Progress on diagnosis and treatment of post corona virus disease 2019 pulmonary fibrosis

Anqi Li, Yilin Xu, Tianxin Xiang()   

  1. The First Affiliated Hospital, Jiangxi Medcial College, Nanchang University·China-Japan Friendship Jiangxi Hospital, Nanchang 330000, China
    The First Affiliated Hospital, Jiangxi Medcial College, Nanchang University·China-Japan Friendship Jiangxi Hospital, Nanchang 330000, China; Jiangxi Medical Center for Critical Public Health Events, Nanchang 330000, China
  • Received:2023-05-08 Published:2023-10-15
  • Corresponding author: Tianxin Xiang
引用本文:

李安琪, 徐祎琳, 向天新. 新型冠状病毒感染后肺纤维化病变诊治进展[J]. 中华实验和临床感染病杂志(电子版), 2023, 17(05): 294-298.
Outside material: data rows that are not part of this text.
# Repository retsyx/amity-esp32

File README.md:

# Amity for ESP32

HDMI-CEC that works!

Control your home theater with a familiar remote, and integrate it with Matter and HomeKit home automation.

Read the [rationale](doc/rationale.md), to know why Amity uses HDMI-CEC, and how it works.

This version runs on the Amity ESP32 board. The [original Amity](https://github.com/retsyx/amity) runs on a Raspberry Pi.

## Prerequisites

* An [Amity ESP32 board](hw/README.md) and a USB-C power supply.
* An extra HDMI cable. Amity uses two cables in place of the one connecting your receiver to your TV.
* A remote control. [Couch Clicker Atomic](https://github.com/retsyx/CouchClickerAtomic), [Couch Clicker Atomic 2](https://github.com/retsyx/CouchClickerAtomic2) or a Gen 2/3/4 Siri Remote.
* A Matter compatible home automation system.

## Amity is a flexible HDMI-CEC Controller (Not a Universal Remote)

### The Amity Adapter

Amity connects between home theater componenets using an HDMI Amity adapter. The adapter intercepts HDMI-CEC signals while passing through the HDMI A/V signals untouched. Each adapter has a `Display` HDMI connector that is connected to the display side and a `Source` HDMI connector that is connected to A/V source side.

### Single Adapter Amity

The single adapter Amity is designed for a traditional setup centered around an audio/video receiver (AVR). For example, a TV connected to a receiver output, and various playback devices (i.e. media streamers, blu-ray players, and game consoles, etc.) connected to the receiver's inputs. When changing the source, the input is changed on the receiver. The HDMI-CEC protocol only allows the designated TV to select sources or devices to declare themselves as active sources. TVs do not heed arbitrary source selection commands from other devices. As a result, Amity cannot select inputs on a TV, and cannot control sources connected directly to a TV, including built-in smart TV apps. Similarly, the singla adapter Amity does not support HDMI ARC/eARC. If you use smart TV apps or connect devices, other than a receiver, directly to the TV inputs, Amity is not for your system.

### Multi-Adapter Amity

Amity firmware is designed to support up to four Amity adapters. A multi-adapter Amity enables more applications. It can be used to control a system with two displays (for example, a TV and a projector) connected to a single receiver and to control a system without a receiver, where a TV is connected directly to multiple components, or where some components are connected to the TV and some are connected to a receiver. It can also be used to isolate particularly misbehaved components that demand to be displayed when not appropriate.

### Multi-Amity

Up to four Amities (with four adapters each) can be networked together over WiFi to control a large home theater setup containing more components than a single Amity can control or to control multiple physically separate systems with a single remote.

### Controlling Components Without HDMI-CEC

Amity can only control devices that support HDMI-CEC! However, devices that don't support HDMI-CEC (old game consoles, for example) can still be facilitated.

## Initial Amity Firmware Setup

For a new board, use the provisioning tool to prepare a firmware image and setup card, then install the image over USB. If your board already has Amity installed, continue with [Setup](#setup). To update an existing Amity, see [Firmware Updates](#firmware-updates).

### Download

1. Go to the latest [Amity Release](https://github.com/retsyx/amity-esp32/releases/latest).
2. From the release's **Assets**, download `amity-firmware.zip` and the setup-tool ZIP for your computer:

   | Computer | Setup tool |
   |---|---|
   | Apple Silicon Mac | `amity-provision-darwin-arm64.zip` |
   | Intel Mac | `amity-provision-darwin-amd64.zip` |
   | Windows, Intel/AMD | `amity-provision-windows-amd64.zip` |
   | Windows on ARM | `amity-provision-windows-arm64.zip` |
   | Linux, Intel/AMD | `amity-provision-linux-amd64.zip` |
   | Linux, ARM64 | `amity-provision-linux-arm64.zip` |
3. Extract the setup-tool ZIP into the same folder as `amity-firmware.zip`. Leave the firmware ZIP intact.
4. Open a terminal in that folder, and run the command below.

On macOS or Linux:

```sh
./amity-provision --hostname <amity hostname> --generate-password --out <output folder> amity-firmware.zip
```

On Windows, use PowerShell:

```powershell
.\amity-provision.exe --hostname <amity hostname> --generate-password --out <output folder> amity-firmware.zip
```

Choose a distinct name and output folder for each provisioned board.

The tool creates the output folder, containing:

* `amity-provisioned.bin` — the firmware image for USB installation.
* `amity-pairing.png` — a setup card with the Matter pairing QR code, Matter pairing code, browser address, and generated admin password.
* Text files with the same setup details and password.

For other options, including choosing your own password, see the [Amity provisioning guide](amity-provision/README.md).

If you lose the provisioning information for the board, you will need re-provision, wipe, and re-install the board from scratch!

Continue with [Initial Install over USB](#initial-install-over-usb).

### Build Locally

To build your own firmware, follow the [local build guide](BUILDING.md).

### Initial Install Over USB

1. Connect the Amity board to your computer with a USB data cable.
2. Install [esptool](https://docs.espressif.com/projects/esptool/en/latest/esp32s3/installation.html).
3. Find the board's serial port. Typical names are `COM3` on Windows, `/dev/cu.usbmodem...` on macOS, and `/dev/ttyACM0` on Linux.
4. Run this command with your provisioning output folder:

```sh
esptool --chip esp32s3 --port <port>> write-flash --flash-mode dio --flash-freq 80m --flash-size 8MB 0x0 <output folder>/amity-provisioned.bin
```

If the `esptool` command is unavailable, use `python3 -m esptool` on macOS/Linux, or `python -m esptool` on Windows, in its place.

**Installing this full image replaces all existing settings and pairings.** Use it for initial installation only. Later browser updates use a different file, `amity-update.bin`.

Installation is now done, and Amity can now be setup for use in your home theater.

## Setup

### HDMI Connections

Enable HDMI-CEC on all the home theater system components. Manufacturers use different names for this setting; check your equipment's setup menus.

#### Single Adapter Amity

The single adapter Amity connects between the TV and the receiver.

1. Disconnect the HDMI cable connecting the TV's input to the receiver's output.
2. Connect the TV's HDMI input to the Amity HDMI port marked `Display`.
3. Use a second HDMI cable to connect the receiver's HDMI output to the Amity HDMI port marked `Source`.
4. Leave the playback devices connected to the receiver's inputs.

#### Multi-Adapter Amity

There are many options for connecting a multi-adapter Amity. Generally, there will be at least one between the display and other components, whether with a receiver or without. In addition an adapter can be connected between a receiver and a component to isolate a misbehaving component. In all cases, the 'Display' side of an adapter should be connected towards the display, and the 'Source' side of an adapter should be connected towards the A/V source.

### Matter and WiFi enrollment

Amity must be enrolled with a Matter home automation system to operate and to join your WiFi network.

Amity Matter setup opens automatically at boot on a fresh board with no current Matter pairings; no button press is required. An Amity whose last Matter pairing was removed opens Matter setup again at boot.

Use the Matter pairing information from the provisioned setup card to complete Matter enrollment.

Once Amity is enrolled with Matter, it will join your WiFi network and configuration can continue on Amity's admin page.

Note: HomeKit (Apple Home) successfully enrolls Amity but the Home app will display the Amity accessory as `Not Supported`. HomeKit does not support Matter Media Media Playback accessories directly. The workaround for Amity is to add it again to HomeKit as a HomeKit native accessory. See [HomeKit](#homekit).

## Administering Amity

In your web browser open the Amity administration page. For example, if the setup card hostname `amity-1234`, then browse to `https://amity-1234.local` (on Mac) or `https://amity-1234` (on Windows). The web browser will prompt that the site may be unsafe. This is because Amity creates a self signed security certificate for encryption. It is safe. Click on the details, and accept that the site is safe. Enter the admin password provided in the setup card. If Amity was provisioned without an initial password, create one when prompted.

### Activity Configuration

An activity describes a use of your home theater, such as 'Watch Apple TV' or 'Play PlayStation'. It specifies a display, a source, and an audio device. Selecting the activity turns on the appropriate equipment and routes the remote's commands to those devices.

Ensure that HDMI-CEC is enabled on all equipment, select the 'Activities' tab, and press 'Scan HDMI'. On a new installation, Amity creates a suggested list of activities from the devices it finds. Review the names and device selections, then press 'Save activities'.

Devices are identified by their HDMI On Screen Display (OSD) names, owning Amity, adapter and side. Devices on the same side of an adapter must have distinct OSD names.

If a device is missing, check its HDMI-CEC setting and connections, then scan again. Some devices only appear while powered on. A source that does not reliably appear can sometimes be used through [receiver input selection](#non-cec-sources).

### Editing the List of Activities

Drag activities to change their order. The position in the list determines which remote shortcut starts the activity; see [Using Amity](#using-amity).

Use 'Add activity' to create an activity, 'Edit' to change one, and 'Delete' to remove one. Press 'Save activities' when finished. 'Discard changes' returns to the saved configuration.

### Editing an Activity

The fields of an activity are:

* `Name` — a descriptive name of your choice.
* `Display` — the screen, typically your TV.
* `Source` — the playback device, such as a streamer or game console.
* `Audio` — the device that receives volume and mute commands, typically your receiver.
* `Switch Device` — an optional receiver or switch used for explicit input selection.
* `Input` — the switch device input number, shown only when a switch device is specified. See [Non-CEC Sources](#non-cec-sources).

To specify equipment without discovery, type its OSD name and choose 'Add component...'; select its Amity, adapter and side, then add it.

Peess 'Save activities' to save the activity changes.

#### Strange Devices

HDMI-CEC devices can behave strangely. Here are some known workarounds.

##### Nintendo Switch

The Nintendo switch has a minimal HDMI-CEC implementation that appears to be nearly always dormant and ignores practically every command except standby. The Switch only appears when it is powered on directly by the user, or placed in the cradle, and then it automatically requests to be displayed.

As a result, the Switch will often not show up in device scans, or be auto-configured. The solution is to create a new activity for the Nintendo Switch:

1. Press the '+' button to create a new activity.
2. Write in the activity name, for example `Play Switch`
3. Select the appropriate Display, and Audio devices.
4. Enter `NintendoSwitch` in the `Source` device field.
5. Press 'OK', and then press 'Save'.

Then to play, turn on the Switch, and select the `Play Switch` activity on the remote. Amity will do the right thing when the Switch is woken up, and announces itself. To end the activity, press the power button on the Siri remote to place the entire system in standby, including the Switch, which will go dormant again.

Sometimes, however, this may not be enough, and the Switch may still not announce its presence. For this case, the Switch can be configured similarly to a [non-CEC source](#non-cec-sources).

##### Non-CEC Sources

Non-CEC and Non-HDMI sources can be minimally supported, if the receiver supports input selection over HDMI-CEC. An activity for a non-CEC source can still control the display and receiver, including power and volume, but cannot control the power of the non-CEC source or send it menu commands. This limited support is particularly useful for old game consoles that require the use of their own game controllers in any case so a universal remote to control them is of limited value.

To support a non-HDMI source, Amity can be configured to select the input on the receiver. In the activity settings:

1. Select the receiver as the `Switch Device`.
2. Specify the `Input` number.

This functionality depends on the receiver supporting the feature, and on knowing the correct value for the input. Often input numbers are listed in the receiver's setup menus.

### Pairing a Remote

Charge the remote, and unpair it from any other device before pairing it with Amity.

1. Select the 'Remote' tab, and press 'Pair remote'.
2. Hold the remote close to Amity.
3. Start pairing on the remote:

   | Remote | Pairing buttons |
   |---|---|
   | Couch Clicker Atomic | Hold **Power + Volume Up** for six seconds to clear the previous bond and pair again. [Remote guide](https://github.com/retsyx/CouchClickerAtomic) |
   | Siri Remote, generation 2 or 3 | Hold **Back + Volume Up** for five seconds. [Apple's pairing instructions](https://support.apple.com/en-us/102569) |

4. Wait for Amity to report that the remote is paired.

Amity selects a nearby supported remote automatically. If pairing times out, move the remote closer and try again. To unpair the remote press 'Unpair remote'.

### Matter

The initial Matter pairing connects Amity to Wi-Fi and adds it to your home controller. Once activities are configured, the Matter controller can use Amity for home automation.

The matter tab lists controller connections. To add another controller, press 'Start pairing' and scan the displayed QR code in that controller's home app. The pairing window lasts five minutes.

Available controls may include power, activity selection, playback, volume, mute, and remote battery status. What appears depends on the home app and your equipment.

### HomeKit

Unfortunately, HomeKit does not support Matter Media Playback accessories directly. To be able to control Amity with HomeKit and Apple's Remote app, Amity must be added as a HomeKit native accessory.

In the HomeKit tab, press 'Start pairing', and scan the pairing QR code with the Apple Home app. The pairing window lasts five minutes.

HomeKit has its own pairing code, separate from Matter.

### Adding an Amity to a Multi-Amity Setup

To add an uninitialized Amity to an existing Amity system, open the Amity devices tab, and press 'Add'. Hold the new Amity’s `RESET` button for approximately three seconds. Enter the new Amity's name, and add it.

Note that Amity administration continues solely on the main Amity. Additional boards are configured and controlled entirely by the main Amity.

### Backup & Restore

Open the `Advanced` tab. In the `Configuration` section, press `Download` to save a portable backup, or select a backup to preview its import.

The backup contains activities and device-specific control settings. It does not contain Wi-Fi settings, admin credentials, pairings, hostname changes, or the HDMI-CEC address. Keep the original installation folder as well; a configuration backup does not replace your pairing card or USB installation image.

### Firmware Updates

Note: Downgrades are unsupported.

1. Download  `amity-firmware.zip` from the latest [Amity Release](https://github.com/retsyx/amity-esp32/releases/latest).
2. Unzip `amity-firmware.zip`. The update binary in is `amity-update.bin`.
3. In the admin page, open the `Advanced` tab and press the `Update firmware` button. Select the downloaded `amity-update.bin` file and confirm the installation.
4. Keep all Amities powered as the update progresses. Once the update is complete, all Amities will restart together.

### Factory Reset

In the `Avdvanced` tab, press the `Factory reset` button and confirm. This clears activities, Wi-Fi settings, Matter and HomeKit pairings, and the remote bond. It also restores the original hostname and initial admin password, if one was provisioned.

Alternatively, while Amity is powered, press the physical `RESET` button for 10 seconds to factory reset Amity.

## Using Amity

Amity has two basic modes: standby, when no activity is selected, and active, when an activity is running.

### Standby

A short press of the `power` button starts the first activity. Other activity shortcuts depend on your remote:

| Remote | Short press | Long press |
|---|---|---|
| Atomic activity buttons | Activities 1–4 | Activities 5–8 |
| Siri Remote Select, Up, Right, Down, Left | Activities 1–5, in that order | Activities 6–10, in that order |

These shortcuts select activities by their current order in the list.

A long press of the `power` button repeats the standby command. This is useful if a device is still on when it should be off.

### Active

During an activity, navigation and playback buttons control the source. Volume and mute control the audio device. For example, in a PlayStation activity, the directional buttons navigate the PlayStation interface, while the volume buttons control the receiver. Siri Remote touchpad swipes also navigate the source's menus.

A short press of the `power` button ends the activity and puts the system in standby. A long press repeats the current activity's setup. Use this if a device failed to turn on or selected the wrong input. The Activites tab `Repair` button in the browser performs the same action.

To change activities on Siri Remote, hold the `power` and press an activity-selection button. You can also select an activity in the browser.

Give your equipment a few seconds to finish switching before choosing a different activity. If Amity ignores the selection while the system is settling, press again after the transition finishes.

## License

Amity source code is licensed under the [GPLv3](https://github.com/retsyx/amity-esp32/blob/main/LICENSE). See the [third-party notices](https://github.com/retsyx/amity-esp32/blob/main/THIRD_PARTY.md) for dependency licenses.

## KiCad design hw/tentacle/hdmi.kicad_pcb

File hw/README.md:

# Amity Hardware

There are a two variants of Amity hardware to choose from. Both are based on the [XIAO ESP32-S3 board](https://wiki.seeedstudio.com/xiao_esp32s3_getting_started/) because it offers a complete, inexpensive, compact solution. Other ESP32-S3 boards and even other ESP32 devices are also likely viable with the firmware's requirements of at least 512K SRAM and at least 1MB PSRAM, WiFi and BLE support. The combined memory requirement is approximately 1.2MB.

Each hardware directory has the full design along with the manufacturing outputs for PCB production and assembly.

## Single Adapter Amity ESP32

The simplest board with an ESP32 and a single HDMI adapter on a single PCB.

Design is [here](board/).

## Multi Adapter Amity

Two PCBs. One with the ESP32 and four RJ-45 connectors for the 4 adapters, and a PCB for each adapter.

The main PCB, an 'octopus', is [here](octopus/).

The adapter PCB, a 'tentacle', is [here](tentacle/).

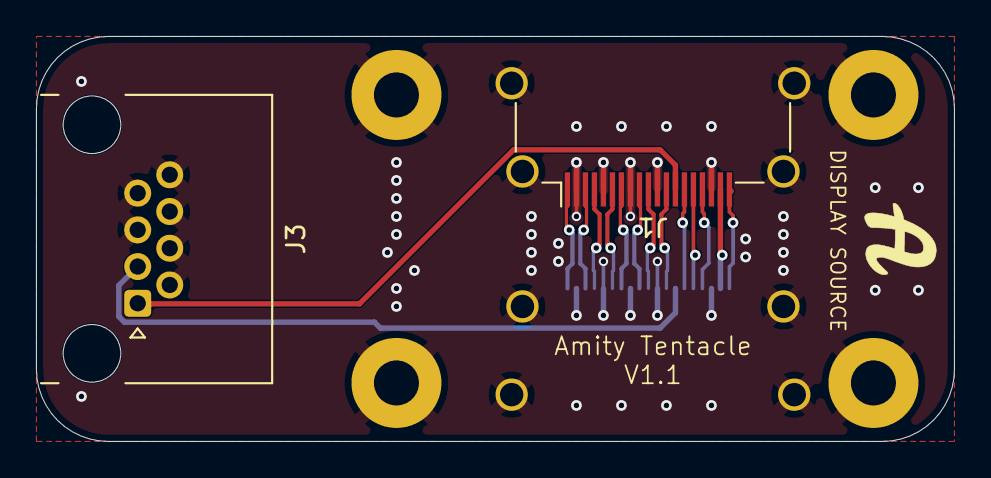
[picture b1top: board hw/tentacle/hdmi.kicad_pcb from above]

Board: 4 copper layers, 51.0 x 22.5 mm, 7 parts (1 on the bottom side), 16 nets.

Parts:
H1, H2, H3, H4: MountingHole_2.5mm_Pad
J1, J2: HDMI_A; HDMI_A_Amphenol_10029449-x01xLF_Horizontal
J3: RJ45; RJ45_Pulse_E5J88-00LJG2-L_Horizontal_EdgeMount

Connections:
/CK+: J1.10 (CK+), J2.10 (CK+)
/CK-: J1.12 (CK-), J2.12 (CK-)
/D0+: J1.7 (D0+), J2.7 (D0+)
/D0-: J1.9 (D0-), J2.9 (D0-)
/D1+: J1.4 (D1+), J2.4 (D1+)
/D1-: J1.6 (D1-), J2.6 (D1-)
/D2+: J1.1 (D2+), J2.1 (D2+)
/D2-: J1.3 (D2-), J2.3 (D2-)
GND: H1.1 (1_1), H2.1 (1_1), H3.1 (1_1), H4.1 (1_1), J1.2 (D2S), J1.5 (D1S), J1.8 (D0S), J1.11 (CKS), J1.17 (GND), J1.SH, J2.2 (D2S), J2.5 (D1S), J2.8 (D0S), J2.11 (CKS), J2.17 (GND), J2.SH, J3.2, J3.4, J3.5, J3.6, J3.7, J3.8
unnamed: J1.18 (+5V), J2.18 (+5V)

Anqi Li, Yilin Xu, Tianxin Xiang. Progress on diagnosis and treatment of post corona virus disease 2019 pulmonary fibrosis[J]. Chinese Journal of Experimental and Clinical Infectious Diseases(Electronic Edition), 2023, 17(05): 294-298.

新型冠状病毒(SARS-CoV-2)感染引起了全球出现大量急性新型冠状病毒肺炎(COVID-19)患者,随着病程演变,部分患者在急性期过后出现肺纤维化问题逐渐突显。目前学者们称之为新型冠状病毒感染后肺纤维化(PCPF)。由于SARS-CoV-2不断突变及全球医疗水平大相径庭,PCPF发生率及诊治亦存在差异。肺纤维化程度显著影响患者临床表现,患者症状迁延,需要大量医疗资源及长期的专业照护。目前PCPF诊断依靠临床结合CT及肺功能检查,治疗依靠既往其他肺纤维化疾病的治疗经验,缺乏统一、规范的处置方案。尽管许多学者为此开展研究,但仍没有十分有效的治疗方法。本文就PCPF发病及其机制进行概述,重点回顾相关诊断及治疗研究进展。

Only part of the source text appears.